= Work to complete =
Using the records below, give again exactly the lines from the line that contains "note: output" through the line that contains "AW-PID 2 : Subsystem", both ends included, and only those.

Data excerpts
☆ ☆ ☆ ☆ ☆

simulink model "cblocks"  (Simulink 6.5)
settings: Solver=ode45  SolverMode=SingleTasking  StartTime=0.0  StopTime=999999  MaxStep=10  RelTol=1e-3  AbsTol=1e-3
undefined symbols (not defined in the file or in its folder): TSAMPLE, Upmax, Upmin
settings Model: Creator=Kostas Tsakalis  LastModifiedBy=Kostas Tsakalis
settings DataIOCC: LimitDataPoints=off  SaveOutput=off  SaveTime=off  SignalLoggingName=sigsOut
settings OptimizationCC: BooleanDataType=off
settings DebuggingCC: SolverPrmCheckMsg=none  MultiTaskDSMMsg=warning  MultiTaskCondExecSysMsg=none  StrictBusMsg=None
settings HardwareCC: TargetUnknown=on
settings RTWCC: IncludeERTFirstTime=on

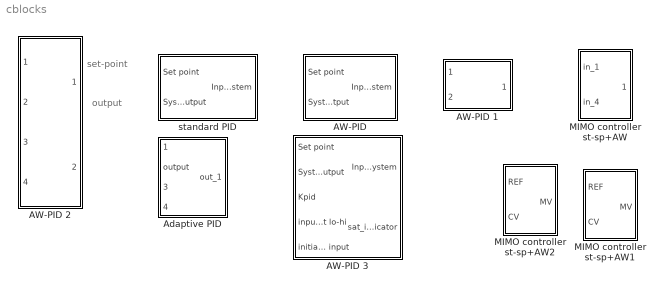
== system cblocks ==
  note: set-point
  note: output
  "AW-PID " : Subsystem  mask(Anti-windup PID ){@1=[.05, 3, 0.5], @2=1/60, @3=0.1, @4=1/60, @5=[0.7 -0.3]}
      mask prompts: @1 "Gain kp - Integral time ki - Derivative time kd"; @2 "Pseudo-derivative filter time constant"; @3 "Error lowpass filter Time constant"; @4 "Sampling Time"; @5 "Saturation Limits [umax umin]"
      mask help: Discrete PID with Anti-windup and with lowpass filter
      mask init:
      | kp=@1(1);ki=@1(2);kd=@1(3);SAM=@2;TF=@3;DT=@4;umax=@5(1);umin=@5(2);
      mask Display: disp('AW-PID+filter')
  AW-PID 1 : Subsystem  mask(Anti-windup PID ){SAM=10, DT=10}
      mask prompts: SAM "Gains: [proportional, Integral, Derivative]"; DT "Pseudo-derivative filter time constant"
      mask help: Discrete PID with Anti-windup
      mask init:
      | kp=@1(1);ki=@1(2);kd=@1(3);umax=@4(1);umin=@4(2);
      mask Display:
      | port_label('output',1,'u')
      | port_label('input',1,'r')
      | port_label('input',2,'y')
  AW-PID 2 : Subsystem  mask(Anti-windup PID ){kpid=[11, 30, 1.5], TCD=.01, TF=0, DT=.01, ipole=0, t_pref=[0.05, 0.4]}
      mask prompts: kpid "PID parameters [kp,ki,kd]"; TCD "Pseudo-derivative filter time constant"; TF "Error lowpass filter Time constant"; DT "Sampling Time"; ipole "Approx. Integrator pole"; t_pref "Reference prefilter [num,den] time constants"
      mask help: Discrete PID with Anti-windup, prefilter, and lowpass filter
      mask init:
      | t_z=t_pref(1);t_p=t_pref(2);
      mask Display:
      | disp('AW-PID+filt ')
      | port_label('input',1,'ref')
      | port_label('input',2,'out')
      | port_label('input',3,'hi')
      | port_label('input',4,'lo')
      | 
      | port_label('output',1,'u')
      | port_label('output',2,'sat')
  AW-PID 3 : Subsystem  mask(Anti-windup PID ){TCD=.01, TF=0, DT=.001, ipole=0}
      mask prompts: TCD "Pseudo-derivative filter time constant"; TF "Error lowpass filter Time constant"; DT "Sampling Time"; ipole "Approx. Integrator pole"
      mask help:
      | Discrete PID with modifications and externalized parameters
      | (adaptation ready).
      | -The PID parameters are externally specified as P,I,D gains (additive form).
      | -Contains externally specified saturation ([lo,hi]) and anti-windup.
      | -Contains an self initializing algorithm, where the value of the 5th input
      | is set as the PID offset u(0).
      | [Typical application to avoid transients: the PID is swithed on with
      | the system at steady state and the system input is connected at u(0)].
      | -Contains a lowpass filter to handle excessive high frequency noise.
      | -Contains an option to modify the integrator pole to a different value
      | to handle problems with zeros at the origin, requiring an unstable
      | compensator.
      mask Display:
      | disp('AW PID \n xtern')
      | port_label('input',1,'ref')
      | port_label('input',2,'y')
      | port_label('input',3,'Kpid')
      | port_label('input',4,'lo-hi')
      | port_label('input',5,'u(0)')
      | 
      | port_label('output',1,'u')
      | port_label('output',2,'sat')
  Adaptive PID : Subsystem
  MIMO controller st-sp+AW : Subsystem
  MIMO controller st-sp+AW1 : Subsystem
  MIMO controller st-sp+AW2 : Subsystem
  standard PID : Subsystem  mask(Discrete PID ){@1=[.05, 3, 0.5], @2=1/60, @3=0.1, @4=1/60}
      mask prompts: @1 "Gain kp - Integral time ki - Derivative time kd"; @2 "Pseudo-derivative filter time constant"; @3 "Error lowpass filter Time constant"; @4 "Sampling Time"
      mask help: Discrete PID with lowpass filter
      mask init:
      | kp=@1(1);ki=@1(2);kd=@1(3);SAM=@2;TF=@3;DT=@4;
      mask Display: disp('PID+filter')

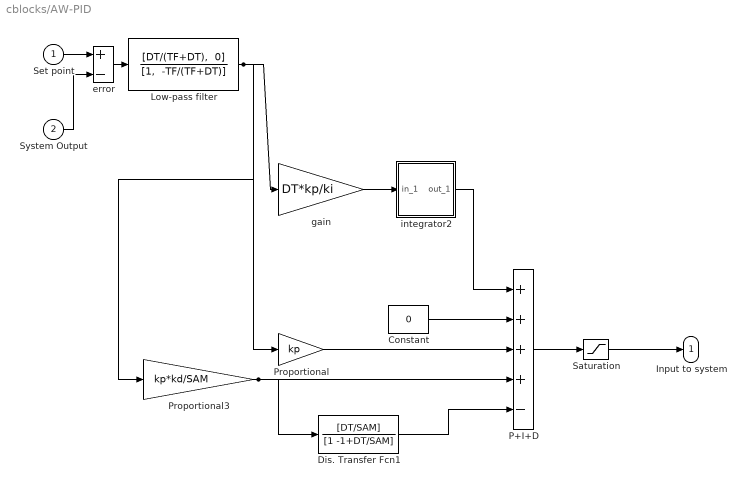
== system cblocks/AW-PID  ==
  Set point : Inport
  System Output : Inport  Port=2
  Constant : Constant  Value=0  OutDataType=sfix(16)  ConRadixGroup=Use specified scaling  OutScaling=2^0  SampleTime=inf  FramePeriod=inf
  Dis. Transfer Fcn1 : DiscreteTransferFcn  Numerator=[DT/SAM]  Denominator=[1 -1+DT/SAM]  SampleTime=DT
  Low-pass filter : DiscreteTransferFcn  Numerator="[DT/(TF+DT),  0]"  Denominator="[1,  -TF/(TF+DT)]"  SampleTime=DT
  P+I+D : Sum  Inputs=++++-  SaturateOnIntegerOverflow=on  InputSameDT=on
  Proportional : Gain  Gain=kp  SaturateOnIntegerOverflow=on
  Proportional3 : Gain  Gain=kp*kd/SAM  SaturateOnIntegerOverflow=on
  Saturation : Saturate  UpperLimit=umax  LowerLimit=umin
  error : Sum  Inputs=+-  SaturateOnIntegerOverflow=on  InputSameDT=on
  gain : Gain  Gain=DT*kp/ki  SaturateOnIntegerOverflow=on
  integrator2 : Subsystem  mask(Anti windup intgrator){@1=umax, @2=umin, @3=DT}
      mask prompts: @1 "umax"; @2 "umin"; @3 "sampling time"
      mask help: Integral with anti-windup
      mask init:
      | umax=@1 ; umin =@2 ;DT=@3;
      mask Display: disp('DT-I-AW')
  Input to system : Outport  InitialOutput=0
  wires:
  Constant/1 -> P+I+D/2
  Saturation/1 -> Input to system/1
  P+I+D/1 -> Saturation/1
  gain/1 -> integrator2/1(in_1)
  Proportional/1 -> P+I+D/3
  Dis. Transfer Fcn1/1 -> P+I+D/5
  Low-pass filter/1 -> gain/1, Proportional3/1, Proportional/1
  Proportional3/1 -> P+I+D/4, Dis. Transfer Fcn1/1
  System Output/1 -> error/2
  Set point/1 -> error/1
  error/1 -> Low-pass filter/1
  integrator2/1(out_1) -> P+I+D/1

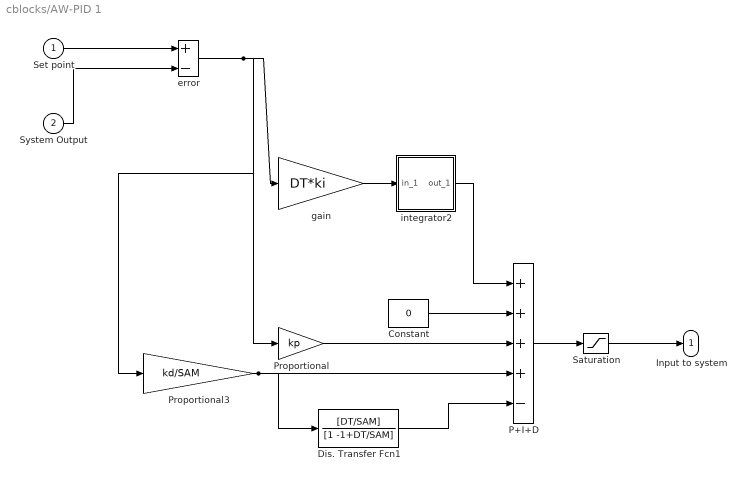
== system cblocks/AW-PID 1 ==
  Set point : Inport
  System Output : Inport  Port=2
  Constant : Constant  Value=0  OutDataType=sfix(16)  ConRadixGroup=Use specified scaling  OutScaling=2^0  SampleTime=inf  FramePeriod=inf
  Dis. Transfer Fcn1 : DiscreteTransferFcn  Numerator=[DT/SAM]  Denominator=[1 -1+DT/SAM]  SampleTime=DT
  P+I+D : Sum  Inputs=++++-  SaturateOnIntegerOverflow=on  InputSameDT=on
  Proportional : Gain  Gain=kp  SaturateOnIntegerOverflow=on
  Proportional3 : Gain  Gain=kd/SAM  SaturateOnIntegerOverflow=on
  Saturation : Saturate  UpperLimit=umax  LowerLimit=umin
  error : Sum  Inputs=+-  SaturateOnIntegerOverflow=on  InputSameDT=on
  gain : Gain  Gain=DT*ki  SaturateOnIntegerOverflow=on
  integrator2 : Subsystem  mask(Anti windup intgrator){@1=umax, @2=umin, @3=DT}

☆ ☆ ☆ ☆ ☆

= Expected answer =
  note: output
  "AW-PID " : Subsystem  mask(Anti-windup PID ){@1=[.05, 3, 0.5], @2=1/60, @3=0.1, @4=1/60, @5=[0.7 -0.3]}
      mask prompts: @1 "Gain kp - Integral time ki - Derivative time kd"; @2 "Pseudo-derivative filter time constant"; @3 "Error lowpass filter Time constant"; @4 "Sampling Time"; @5 "Saturation Limits [umax umin]"
      mask help: Discrete PID with Anti-windup and with lowpass filter
      mask init:
      | kp=@1(1);ki=@1(2);kd=@1(3);SAM=@2;TF=@3;DT=@4;umax=@5(1);umin=@5(2);
      mask Display: disp('AW-PID+filter')
  AW-PID 1 : Subsystem  mask(Anti-windup PID ){SAM=10, DT=10}
      mask prompts: SAM "Gains: [proportional, Integral, Derivative]"; DT "Pseudo-derivative filter time constant"
      mask help: Discrete PID with Anti-windup
      mask init:
      | kp=@1(1);ki=@1(2);kd=@1(3);umax=@4(1);umin=@4(2);
      mask Display:
      | port_label('output',1,'u')
      | port_label('input',1,'r')
      | port_label('input',2,'y')
  AW-PID 2 : Subsystem  mask(Anti-windup PID ){kpid=[11, 30, 1.5], TCD=.01, TF=0, DT=.01, ipole=0, t_pref=[0.05, 0.4]}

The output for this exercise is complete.